▶ WORK INSTRUCTION
Report back every line in the data that includes the string "Continuous".

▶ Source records
————

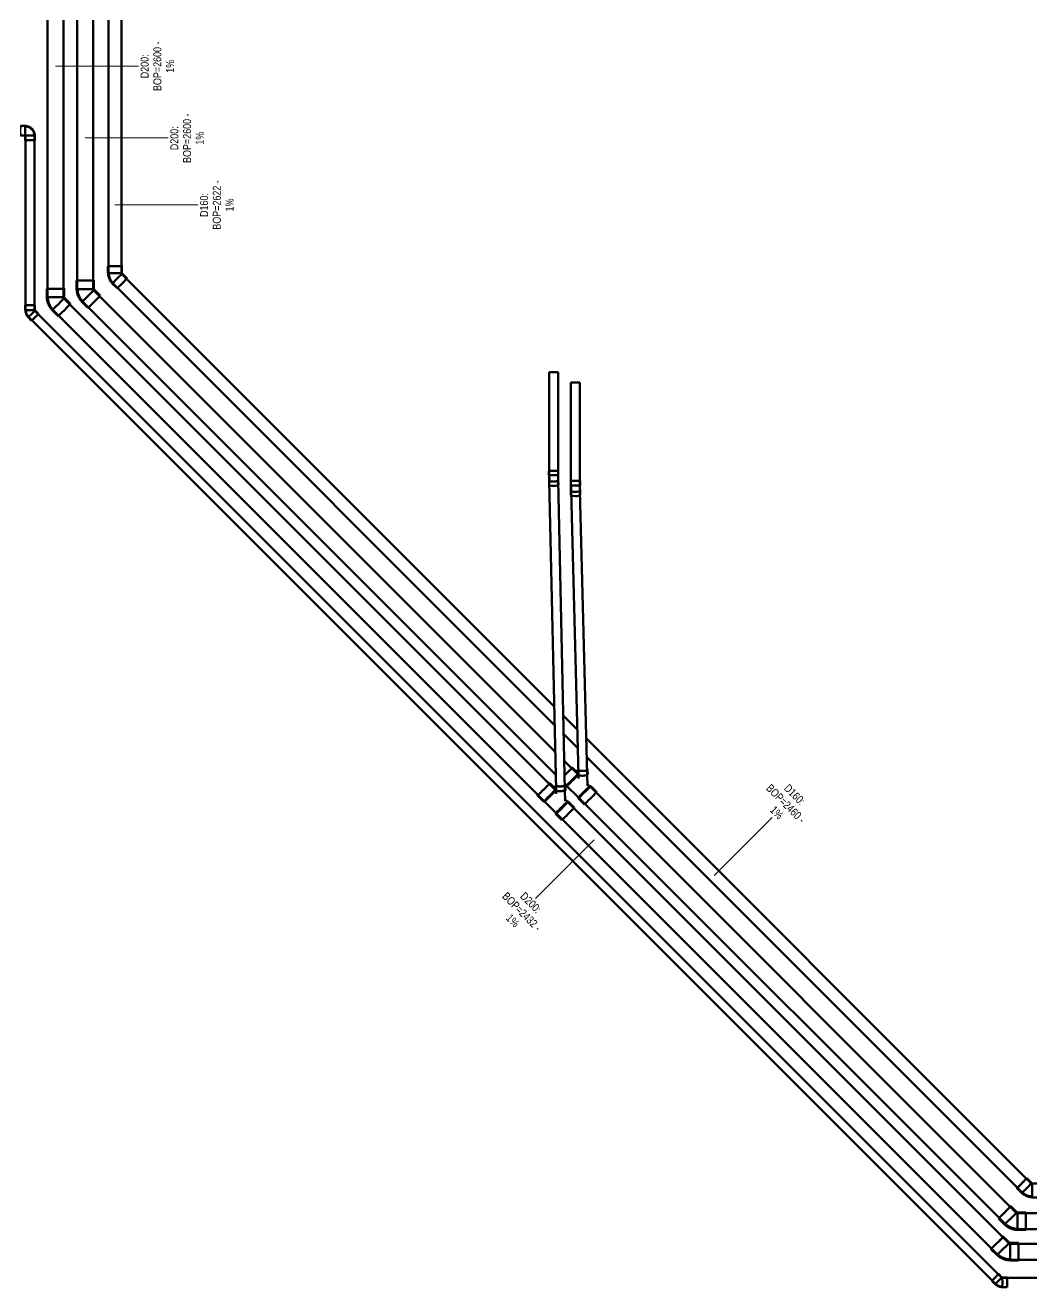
# Model space of a CAD drawing. Header units: millimetres. Extents: x -108050 to 96605, y 58136 to 140997.
# Drawn here: x -43728 to -31150, y 70399 to 86165 of the extents above; entities that cross this region are included whole.
import ezdxf

# ---------------------------------------------------------------- set-up
doc = ezdxf.new("R2010")
doc.units = ezdxf.units.MM
doc.layers.add('P-PIPE', color=3, linetype='Continuous', lineweight=50)
doc.layers.add('P-PIPE-IDEN', color=2, linetype='Continuous', lineweight=9)
doc.styles.add('Arial', font='arial.ttf', dxfattribs={"width": 0.8, "height": 100})

# ---------------------------------------------------------------- blocks, each defined once
blk = doc.blocks.new('DSC_uPVC_Elbow_TienPhong - Standard-2054261-HẦM')
at = {"layer": 'P-PIPE'}
for p, q in [((-43728, 84908), (-43789, 84908)), ((-43789, 84787), (-43728, 84787)), ((-43728, 84787), (-43728, 84726)), ((-43607, 84726), (-43607, 84787))]:
    blk.add_line(p, q, dxfattribs=at)
at = {"layer": 'P-PIPE', "flags": 128}
for points in [[(-43622, 84842), (-43625, 84846), (-43627, 84850), (-43630, 84854), (-43632, 84858), (-43635, 84862), (-43638, 84866), (-43642, 84869), (-43645, 84873), (-43649, 84876), (-43652, 84879), (-43656, 84882), (-43660, 84885), (-43664, 84888), (-43668, 84890), (-43672, 84892), (-43676, 84895), (-43681, 84897), (-43685, 84898), (-43690, 84900), (-43694, 84901), (-43699, 84903), (-43703, 84904), (-43708, 84905), (-43713, 84905), (-43718, 84906), (-43722, 84906), (-43727, 84906), (-43728, 84906)], [(-43628, 84839), (-43630, 84843), (-43633, 84847), (-43635, 84851), (-43638, 84854), (-43640, 84858), (-43643, 84861), (-43646, 84865), (-43650, 84868), (-43653, 84871), (-43656, 84874), (-43660, 84877), (-43664, 84879), (-43667, 84882), (-43671, 84884), (-43675, 84887), (-43679, 84889), (-43683, 84890), (-43687, 84892), (-43692, 84894), (-43696, 84895), (-43700, 84896), (-43705, 84897), (-43709, 84898), (-43714, 84899), (-43718, 84899), (-43723, 84900), (-43727, 84900), (-43728, 84900)], [(-43615, 84787), (-43615, 84791), (-43616, 84796), (-43616, 84800), (-43617, 84805), (-43617, 84809), (-43618, 84814), (-43620, 84818), (-43621, 84822), (-43622, 84827), (-43624, 84831), (-43626, 84835), (-43628, 84839), (-43628, 84839)], [(-43609, 84787), (-43609, 84792), (-43609, 84796), (-43609, 84801), (-43610, 84806), (-43611, 84811), (-43612, 84815), (-43613, 84820), (-43615, 84824), (-43616, 84829), (-43618, 84833), (-43620, 84838), (-43622, 84842), (-43622, 84842)], [(-43728, 84788), (-43728, 84788), (-43728, 84788), (-43728, 84788), (-43728, 84788), (-43728, 84788), (-43728, 84788), (-43728, 84788), (-43728, 84788), (-43728, 84788), (-43728, 84788), (-43727, 84788), (-43727, 84788), (-43727, 84788), (-43727, 84788), (-43727, 84788), (-43727, 84788), (-43727, 84788), (-43727, 84788), (-43727, 84788), (-43727, 84788), (-43727, 84788), (-43727, 84788), (-43727, 84788), (-43727, 84788), (-43727, 84788), (-43727, 84788), (-43727, 84788), (-43727, 84788)], [(-43727, 84788), (-43727, 84787), (-43727, 84787), (-43727, 84787), (-43727, 84787), (-43727, 84787), (-43727, 84787), (-43727, 84787), (-43727, 84787), (-43727, 84787), (-43727, 84787), (-43727, 84787), (-43727, 84787), (-43727, 84787)]]:
    blk.add_lwpolyline(points, dxfattribs=at)
at = {"layer": 'P-PIPE'}
for centre, major_axis, ratio, start_param, end_param in [((-43789, 84847), (0, 60.3), 0.00523, 6.273185, 7.843982), ((-43789, 84847), (0, 60.3), 0.00523, 1.560796, 3.131593), ((-43728, 84847), (0, 60.3), 0.00523, 6.116277, 7.843982), ((-43728, 84847), (0, 60.3), 0.00523, 1.560796, 3.131593), ((-43728, 84847), (0, 59), 0.00523, 0, 0.339066), ((-43668, 84726), (-60.3, 0), 0.01, 4.71762, 6.688218), ((-43728, 84847), (0, 59), 0.00523, 2.782527, 3.131593), ((-43728, 84847), (0, 60.3), 0.00523, 3.464161, 3.531627), ((-43728, 84847), (0, 60.3), 0.00523, 3.141593, 3.31395), ((-43668, 84787), (-60.3, 0), 0.01, 4.71762, 6.288417), ((-43668, 84726), (55, 0), 0.01, 2.885024, 3.141593), ((-43668, 84726), (55, 0), 0.01, 2.623225, 2.751524), ((-43668, 84726), (55, 0), 0.01, 2.361426, 2.489725), ((-43668, 84726), (55, 0), 0.01, 2.099626, 2.356743), ((-43668, 84726), (55, 0), 0.01, 1.837827, 2.094705), ((-43668, 84726), (55, 0), 0.01, 1.576028, 1.832716), ((-43668, 84787), (-60.3, 0), 0.01, 3.146824, 4.71762), ((-43668, 84726), (-60.3, 0), 0.01, 3.146824, 4.71762), ((-43668, 84726), (55, 0), 0.01, 1.314228, 1.57074), ((-43668, 84726), (55, 0), 0.01, 1.052429, 1.308751), ((-43668, 84726), (55, 0), 0.01, 0.790629, 1.046716), ((-43668, 84726), (55, 0), 0.01, 0.52883, 0.657129), ((-43668, 84726), (55, 0), 0.01, 0.005231, 0.39533), ((-43668, 84726), (60.3, 0), 0.01, 5.877897, 6.283185)]:
    blk.add_ellipse(centre, major_axis=major_axis, ratio=ratio, start_param=start_param, end_param=end_param, dxfattribs=at)
blk = doc.blocks.new('DSC_uPVC_Elbow_TienPhong - Standard-2055435-HẦM')
at = {"layer": 'P-PIPE'}
for p, q in [((-43728, 82666), (-43728, 82605)), ((-43607, 82605), (-43607, 82666)), ((-43691, 82515), (-43647, 82558)), ((-43691, 82515), (-43648, 82472)), ((-43648, 82472), (-43604, 82515)), ((-43647, 82558), (-43605, 82600)), ((-43562, 82557), (-43605, 82600)), ((-43604, 82515), (-43562, 82557))]:
    blk.add_line(p, q, dxfattribs=at)
at = {"layer": 'P-PIPE', "flags": 128}
for points in [[(-43727, 82605), (-43726, 82600), (-43726, 82595), (-43726, 82590), (-43725, 82585), (-43724, 82580), (-43723, 82575), (-43722, 82570), (-43720, 82566), (-43718, 82561), (-43717, 82556), (-43715, 82552), (-43712, 82547), (-43710, 82543), (-43707, 82538), (-43705, 82534), (-43702, 82530), (-43699, 82526), (-43695, 82522), (-43692, 82518), (-43690, 82516)], [(-43720, 82605), (-43720, 82600), (-43720, 82596), (-43719, 82591), (-43718, 82586), (-43718, 82581), (-43716, 82577), (-43715, 82572), (-43714, 82568), (-43712, 82563), (-43711, 82559), (-43709, 82554), (-43706, 82550), (-43704, 82546), (-43702, 82542), (-43699, 82538), (-43696, 82534), (-43693, 82530), (-43690, 82527), (-43687, 82523), (-43685, 82521)], [(-43606, 82600), (-43607, 82600), (-43607, 82600), (-43607, 82600), (-43607, 82600), (-43607, 82601), (-43607, 82601), (-43608, 82601), (-43608, 82602), (-43608, 82602), (-43608, 82602), (-43608, 82602), (-43608, 82603), (-43608, 82603), (-43608, 82603), (-43608, 82604), (-43609, 82604), (-43609, 82604), (-43609, 82605), (-43609, 82605), (-43609, 82605)]]:
    blk.add_lwpolyline(points, dxfattribs=at)
at = {"layer": 'P-PIPE'}
for centre, major_axis, start_param, end_param in [((-43668, 82666), (60.3, 0), 1.560797, 3.131593), ((-43668, 82666), (60.3, 0), 6.273186, 7.843982), ((-43668, 82605), (60.3, 0), 1.560797, 3.131593), ((-43668, 82605), (60.3, 0), 3.141593, 3.319385), ((-43668, 82605), (59, 0), 2.782528, 3.131593), ((-43668, 82605), (60.3, 0), 6.11845, 7.843982), ((-43668, 82605), (59, 0), 0, 0.339067)]:
    blk.add_ellipse(centre, major_axis=major_axis, ratio=0.01, start_param=start_param, end_param=end_param, dxfattribs=at)
blk = doc.blocks.new('DSC_uPVC_Elbow_TienPhong - Standard-2055448-HẦM')
at = {"layer": 'P-PIPE'}
for p, q in [((-28, 60), (-89, 60)), ((-89, 60), (-89, 0)), ((-28, 60), (-28, 0)), ((20, 105), (-23, 62)), ((20, 20), (-23, 62)), ((63, 63), (20, 105)), ((62, -23), (20, 20)), ((62, -23), (105, 20)), ((105, 20), (63, 63)), ((-89, 0), (-89, -60)), ((-89, -60), (-28, -60)), ((-28, 0), (-28, -60))]:
    blk.add_line(p, q, dxfattribs=at)
at = {"layer": 'P-PIPE', "flags": 128}
for points in [[(-22, 61), (-22, 61), (-23, 61), (-23, 61), (-23, 60), (-23, 60), (-24, 60), (-24, 60), (-24, 60), (-24, 60), (-25, 60), (-25, 59), (-25, 59), (-26, 59), (-26, 59), (-26, 59), (-27, 59), (-27, 59), (-27, 59), (-27, 59), (-28, 59)], [(-28, -52), (-23, -52), (-18, -52), (-13, -51), (-9, -51), (-4, -50), (1, -49), (5, -48), (10, -46), (14, -45), (19, -43), (23, -41), (27, -39), (32, -37), (36, -34), (40, -32), (43, -29), (47, -26), (51, -23), (54, -20), (57, -17)], [(-28, -59), (-23, -59), (-18, -59), (-13, -58), (-8, -57), (-3, -56), (2, -55), (7, -54), (12, -53), (17, -51), (21, -49), (26, -47), (30, -45), (35, -42), (39, -40), (43, -37), (47, -34), (51, -31), (55, -28), (59, -24), (61, -22)]]:
    blk.add_lwpolyline(points, dxfattribs=at)
blk = doc.blocks.new('DSC_uPVC_Elbow_TienPhong - Standard-2053344-HẦM')
at = {"layer": 'P-PIPE'}
for p, q in [((-31429, 70950), (-31504, 71025)), ((-31315, 70947), (-31421, 70947)), ((-31659, 70870), (-31584, 70795)), ((-31421, 70728), (-31315, 70728))]:
    blk.add_line(p, q, dxfattribs=at)
at = {"layer": 'P-PIPE', "flags": 128}
for points in [[(-31426, 70946), (-31427, 70946), (-31427, 70946), (-31428, 70946), (-31428, 70947), (-31429, 70947), (-31429, 70947), (-31430, 70947), (-31430, 70948), (-31430, 70948), (-31431, 70948)], [(-31421, 70945), (-31422, 70945), (-31423, 70945), (-31423, 70945), (-31424, 70945), (-31424, 70945), (-31425, 70945), (-31425, 70945), (-31426, 70945), (-31426, 70945), (-31426, 70946)], [(-31582, 70797), (-31576, 70791), (-31569, 70785), (-31562, 70779), (-31555, 70773), (-31547, 70768), (-31539, 70763), (-31532, 70759), (-31524, 70754), (-31515, 70751), (-31509, 70748)], [(-31573, 70805), (-31568, 70799), (-31561, 70794), (-31554, 70788), (-31548, 70783), (-31541, 70778), (-31533, 70774), (-31526, 70769), (-31518, 70765), (-31510, 70761), (-31504, 70759)], [(-31509, 70748), (-31500, 70744), (-31491, 70741), (-31483, 70739), (-31474, 70736), (-31465, 70734), (-31456, 70733), (-31447, 70732), (-31438, 70731), (-31429, 70730), (-31421, 70730)], [(-31504, 70759), (-31496, 70756), (-31488, 70753), (-31480, 70750), (-31471, 70748), (-31463, 70746), (-31454, 70745), (-31446, 70744), (-31437, 70743), (-31429, 70742), (-31421, 70742)]]:
    blk.add_lwpolyline(points, dxfattribs=at)
at = {"layer": 'P-PIPE'}
for centre, major_axis, start_param, end_param in [((-31581, 70948), (77.5, 77.5), 3.145735, 4.716531), ((-31581, 70948), (77.5, 77.5), 4.716531, 6.690479), ((-31581, 70948), (70.7, 70.7), 4.716531, 4.975803), ((-31581, 70948), (70.7, 70.7), 4.97833, 5.237364), ((-31581, 70948), (70.7, 70.7), 5.24013, 5.498711), ((-31581, 70948), (70.7, 70.7), 5.501929, 5.759621), ((-31581, 70948), (70.7, 70.7), 5.763728, 6.018021), ((-31581, 70948), (70.7, 70.7), 6.025528, 6.287327), ((-31506, 70873), (77.5, 77.5), 4.716531, 6.287327), ((-31421, 70837), (0, 110), 0, 0.168337), ((-31421, 70837), (0, 110), 4.708247, 6.279043), ((-31421, 70837), (0, 107), 5.783002, 6.279043), ((-31315, 70837), (0, 110), 4.708247, 6.279043), ((-31581, 70948), (77.5, 77.5), 2.742613, 3.141593), ((-31506, 70873), (77.5, 77.5), 3.145735, 4.716531), ((-31421, 70837), (0, 110), 3.034199, 4.708247), ((-31315, 70837), (0, 110), 3.137451, 4.708247), ((-31421, 70837), (0, 107), 3.141593, 3.633492)]:
    blk.add_ellipse(centre, major_axis=major_axis, ratio=0.01, start_param=start_param, end_param=end_param, dxfattribs=at)
blk = doc.blocks.new('DSC_uPVC_Elbow_TienPhong - Standard-V66-HẦM')
at = {"layer": 'P-PIPE'}
for p, q in [((-31150, 71695), (-31211, 71756)), ((-31335, 71632), (-31274, 71571)), ((-31058, 71692), (-31144, 71692)), ((-31144, 71517), (-31058, 71517))]:
    blk.add_line(p, q, dxfattribs=at)
at = {"layer": 'P-PIPE', "flags": 128}
for points in [[(-31266, 71579), (-31261, 71574), (-31256, 71570), (-31250, 71565), (-31245, 71561), (-31239, 71557), (-31233, 71554), (-31227, 71550), (-31221, 71547), (-31215, 71544), (-31210, 71542)], [(-31148, 71691), (-31148, 71691), (-31149, 71692), (-31149, 71692), (-31149, 71692), (-31150, 71692), (-31150, 71692), (-31150, 71693), (-31151, 71693), (-31151, 71693), (-31151, 71693)], [(-31144, 71690), (-31144, 71690), (-31145, 71690), (-31145, 71691), (-31145, 71691), (-31146, 71691), (-31146, 71691), (-31147, 71691), (-31147, 71691), (-31147, 71691), (-31148, 71691)], [(-31272, 71572), (-31267, 71567), (-31262, 71562), (-31256, 71558), (-31250, 71553), (-31244, 71549), (-31238, 71545), (-31232, 71542), (-31225, 71538), (-31219, 71535), (-31213, 71533)], [(-31213, 71533), (-31207, 71530), (-31200, 71528), (-31193, 71526), (-31186, 71524), (-31179, 71522), (-31171, 71521), (-31164, 71520), (-31157, 71519), (-31150, 71519), (-31144, 71519)], [(-31210, 71542), (-31203, 71539), (-31197, 71537), (-31190, 71535), (-31184, 71533), (-31177, 71532), (-31170, 71531), (-31163, 71530), (-31156, 71529), (-31149, 71529), (-31144, 71529)]]:
    blk.add_lwpolyline(points, dxfattribs=at)
at = {"layer": 'P-PIPE'}
for centre, major_axis, start_param, end_param in [((-31273, 71694), (62, 62), 4.716531, 6.686157), ((-31273, 71694), (56.6, 56.6), 5.501929, 5.63077), ((-31273, 71694), (56.6, 56.6), 5.763728, 5.892569), ((-31273, 71694), (56.6, 56.6), 6.025528, 6.283185), ((-31273, 71694), (62, 62), 3.145735, 4.716531), ((-31273, 71694), (62, 62), 2.738461, 3.141593), ((-31273, 71694), (56.6, 56.6), 3.407534, 3.536375), ((-31273, 71694), (56.6, 56.6), 3.669333, 3.798174), ((-31273, 71694), (56.6, 56.6), 3.931133, 4.059973), ((-31273, 71694), (56.6, 56.6), 4.192932, 4.451896), ((-31273, 71694), (56.6, 56.6), 4.454731, 4.713745), ((-31212, 71633), (62, 62), 3.145735, 4.716531), ((-31273, 71694), (56.6, 56.6), 4.716531, 4.975591), ((-31212, 71633), (60.7, 60.7), 3.655179, 3.700133), ((-31273, 71694), (56.6, 56.6), 4.97833, 5.237441), ((-31273, 71694), (56.6, 56.6), 5.24013, 5.27771), ((-31212, 71633), (62, 62), 4.716531, 6.287327), ((-31212, 71633), (60.7, 60.7), 5.732929, 5.811307), ((-31144, 71605), (0, 87.7), 0, 0.168737), ((-31144, 71605), (0, 87.7), 4.708247, 6.279043), ((-31144, 71605), (0, 85.8), 5.909444, 6.279043), ((-31144, 71605), (0, 87.7), 3.038477, 4.708247), ((-31058, 71605), (0, 87.7), 4.708247, 6.279043), ((-31058, 71605), (0, 87.7), 3.137451, 4.708247), ((-31144, 71605), (0, 85.8), 3.141593, 3.459743)]:
    blk.add_ellipse(centre, major_axis=major_axis, ratio=0.01, start_param=start_param, end_param=end_param, dxfattribs=at)
blk = doc.blocks.new('DSC_uPVC_Elbow_TienPhong - Standard-2067588-HẦM')
at = {"layer": 'P-PIPE'}
for p, q in [((-43088, 82975), (-43088, 82869)), ((-42869, 82869), (-42869, 82975)), ((-42791, 82787), (-42866, 82862)), ((-43021, 82707), (-42946, 82632))]:
    blk.add_line(p, q, dxfattribs=at)
at = {"layer": 'P-PIPE', "flags": 128}
for points in [[(-43086, 82869), (-43086, 82860), (-43085, 82851), (-43084, 82842), (-43083, 82833), (-43081, 82824), (-43079, 82815), (-43077, 82806), (-43074, 82798), (-43071, 82789), (-43068, 82780), (-43064, 82772), (-43060, 82764), (-43056, 82756), (-43051, 82748), (-43046, 82741), (-43041, 82733), (-43035, 82726), (-43029, 82719), (-43023, 82712), (-43019, 82708)], [(-43074, 82869), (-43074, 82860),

————

▶ ANSWER FOR THE TASK
doc.layers.add('P-PIPE', color=3, linetype='Continuous', lineweight=50)
doc.layers.add('P-PIPE-IDEN', color=2, linetype='Continuous', lineweight=9)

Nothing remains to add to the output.